Параллели политической формы с типом души217 или даже с устроением космоса Платон проводил не для наглядности: большая политика Платона предполагает полное их единство, или, вернее, симметрию: природа такова и душа такова, что и полис должен быть таковым. Большая политика Платона, согласно Ницше, заключается в том, что он принадлежит к типу людей, «изо всех сил пытающихся проверить, как высоко мог бы подняться человек, как далеко простирается его си-ла»218. К тому же, ко времени Платона уже сложился жанр проектов государственного устройства – у софистов Фалея и Гипподама – поэтому его творение не было рождением неслыханно-нового жанра. В самой античности Платона читали не только как политического философа (Аристотель весьма подробно разбирал, что у него удачно, а что – нет), но и как политического реформатора219. Иногда ему даже ставили в упрёк недостаточность политического воздействия; Плутарх говорит, что Платон стяжал славу справедливой строгостью своего государства, а Ликург «не в писаниях и в речах, а на деле создал философствующий полис»220. Наконец, осуществимость своего государства признавал и сам Платон221.
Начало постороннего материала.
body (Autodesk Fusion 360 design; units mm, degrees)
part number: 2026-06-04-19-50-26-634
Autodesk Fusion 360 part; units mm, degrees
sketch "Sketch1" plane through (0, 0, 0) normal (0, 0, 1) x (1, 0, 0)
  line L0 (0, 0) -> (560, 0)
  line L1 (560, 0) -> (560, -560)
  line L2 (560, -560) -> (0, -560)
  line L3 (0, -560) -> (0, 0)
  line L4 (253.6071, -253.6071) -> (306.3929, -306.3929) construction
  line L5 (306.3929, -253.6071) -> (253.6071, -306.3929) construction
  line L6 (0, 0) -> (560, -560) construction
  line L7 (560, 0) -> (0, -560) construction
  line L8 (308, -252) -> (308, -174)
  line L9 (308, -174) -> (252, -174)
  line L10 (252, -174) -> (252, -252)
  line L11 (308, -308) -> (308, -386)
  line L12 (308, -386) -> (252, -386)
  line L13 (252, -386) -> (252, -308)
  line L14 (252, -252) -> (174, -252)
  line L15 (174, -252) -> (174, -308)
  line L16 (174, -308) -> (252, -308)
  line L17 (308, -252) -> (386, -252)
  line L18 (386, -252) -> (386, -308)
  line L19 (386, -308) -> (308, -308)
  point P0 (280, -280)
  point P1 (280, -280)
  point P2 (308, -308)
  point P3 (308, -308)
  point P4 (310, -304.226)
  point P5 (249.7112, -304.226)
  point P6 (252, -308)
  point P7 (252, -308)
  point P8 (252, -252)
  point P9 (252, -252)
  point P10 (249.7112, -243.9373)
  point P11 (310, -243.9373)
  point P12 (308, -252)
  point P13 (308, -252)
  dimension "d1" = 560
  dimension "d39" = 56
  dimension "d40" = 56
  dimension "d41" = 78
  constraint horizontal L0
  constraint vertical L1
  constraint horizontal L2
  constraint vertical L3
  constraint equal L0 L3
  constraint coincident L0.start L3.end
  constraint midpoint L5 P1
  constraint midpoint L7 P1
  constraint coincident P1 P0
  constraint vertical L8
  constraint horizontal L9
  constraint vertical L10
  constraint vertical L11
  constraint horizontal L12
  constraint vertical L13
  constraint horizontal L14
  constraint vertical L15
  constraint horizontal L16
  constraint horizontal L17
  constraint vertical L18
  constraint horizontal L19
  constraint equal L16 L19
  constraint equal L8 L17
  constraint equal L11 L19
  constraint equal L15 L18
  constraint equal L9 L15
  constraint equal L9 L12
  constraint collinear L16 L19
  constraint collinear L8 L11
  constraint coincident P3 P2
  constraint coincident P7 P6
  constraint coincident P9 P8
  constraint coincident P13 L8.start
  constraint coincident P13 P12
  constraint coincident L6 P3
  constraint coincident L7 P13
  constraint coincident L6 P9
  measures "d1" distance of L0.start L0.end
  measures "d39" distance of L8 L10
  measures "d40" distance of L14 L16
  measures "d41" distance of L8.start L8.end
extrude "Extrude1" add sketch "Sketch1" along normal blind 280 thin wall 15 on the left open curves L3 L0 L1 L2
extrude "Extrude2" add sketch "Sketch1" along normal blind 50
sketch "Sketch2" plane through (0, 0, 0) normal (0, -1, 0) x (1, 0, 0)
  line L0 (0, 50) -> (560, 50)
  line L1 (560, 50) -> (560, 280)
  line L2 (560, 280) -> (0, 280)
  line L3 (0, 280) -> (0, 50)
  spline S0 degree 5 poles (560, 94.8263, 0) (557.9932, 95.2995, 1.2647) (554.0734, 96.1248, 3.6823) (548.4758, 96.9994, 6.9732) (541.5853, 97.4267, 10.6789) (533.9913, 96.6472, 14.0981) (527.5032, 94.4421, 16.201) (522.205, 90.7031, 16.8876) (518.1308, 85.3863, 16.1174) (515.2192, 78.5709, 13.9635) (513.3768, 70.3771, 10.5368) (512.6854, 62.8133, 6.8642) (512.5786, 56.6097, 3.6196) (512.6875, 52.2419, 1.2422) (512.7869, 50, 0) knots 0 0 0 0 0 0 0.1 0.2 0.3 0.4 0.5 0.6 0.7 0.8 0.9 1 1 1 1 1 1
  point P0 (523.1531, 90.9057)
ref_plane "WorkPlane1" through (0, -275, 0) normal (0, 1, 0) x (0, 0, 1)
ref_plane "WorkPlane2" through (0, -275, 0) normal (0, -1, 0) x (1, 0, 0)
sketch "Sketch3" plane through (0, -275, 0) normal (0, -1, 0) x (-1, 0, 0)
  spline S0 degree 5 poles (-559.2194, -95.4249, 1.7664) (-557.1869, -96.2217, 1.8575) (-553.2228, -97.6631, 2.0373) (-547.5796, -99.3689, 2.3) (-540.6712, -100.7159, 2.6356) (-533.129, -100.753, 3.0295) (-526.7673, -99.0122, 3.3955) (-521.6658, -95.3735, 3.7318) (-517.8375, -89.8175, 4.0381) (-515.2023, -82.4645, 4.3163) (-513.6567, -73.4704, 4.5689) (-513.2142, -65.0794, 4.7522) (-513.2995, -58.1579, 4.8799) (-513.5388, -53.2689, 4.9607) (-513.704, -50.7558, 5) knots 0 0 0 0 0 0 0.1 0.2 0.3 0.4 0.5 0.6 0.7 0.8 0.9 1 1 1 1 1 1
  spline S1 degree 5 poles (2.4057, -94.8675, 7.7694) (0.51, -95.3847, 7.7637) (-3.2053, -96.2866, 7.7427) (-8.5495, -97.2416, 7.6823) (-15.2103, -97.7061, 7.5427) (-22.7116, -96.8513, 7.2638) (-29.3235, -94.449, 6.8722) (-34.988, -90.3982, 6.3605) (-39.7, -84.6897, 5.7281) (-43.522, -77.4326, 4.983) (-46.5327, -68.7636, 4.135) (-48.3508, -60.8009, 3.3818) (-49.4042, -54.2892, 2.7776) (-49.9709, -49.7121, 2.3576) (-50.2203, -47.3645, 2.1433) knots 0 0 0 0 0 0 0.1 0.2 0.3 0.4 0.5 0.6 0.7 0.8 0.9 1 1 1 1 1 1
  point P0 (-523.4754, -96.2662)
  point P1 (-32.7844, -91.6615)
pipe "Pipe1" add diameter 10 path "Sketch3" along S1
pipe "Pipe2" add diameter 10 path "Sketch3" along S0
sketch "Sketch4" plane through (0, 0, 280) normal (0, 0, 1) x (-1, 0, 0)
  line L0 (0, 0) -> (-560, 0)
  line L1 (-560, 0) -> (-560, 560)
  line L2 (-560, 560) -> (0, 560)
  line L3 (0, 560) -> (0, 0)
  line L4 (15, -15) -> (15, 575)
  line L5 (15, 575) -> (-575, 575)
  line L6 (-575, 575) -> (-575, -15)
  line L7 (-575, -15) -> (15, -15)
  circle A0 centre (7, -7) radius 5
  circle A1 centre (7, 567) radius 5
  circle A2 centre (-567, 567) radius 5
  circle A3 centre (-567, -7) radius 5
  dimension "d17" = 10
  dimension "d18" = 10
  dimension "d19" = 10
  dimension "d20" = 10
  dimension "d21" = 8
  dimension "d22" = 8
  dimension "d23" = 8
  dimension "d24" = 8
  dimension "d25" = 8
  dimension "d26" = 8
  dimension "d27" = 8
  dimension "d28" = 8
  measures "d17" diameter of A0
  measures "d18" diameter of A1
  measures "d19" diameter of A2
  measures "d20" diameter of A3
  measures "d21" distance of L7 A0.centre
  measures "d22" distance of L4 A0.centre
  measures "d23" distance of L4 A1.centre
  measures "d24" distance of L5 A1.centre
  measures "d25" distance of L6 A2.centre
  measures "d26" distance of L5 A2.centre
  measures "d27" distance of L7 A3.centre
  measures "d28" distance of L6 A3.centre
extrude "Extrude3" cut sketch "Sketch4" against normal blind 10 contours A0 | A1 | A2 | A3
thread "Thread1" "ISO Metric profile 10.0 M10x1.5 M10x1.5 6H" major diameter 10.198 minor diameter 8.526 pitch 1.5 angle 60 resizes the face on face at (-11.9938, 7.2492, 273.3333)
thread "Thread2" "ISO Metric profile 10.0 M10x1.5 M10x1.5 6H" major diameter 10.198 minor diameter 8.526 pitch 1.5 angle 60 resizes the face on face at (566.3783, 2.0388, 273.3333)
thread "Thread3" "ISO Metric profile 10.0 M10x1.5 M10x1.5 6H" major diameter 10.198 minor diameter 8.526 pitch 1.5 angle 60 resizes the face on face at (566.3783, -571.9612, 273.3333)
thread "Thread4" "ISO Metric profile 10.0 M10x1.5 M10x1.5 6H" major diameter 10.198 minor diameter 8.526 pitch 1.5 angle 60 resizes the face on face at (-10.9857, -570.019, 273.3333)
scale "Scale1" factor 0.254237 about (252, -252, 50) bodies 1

Привлечение общего исторического фона не всегда вносит ясность в философскую проблематику, однако ситуация афинского полиса конца пятого века проливает некоторый свет на учение Платона. Этот век был расцветом как для Эллады в целом, так и для Афин в частности: начавшись с солоновских преобразований и побед над внешним врагом, этот полис дал миру трагедию, высокий стиль пластического искусства, философию и риторику. Однако на исходе пятого века всё более явным становился упадок эллинства.

Герменевтическая реконструкция «собственно-эллинского» (chthellenische)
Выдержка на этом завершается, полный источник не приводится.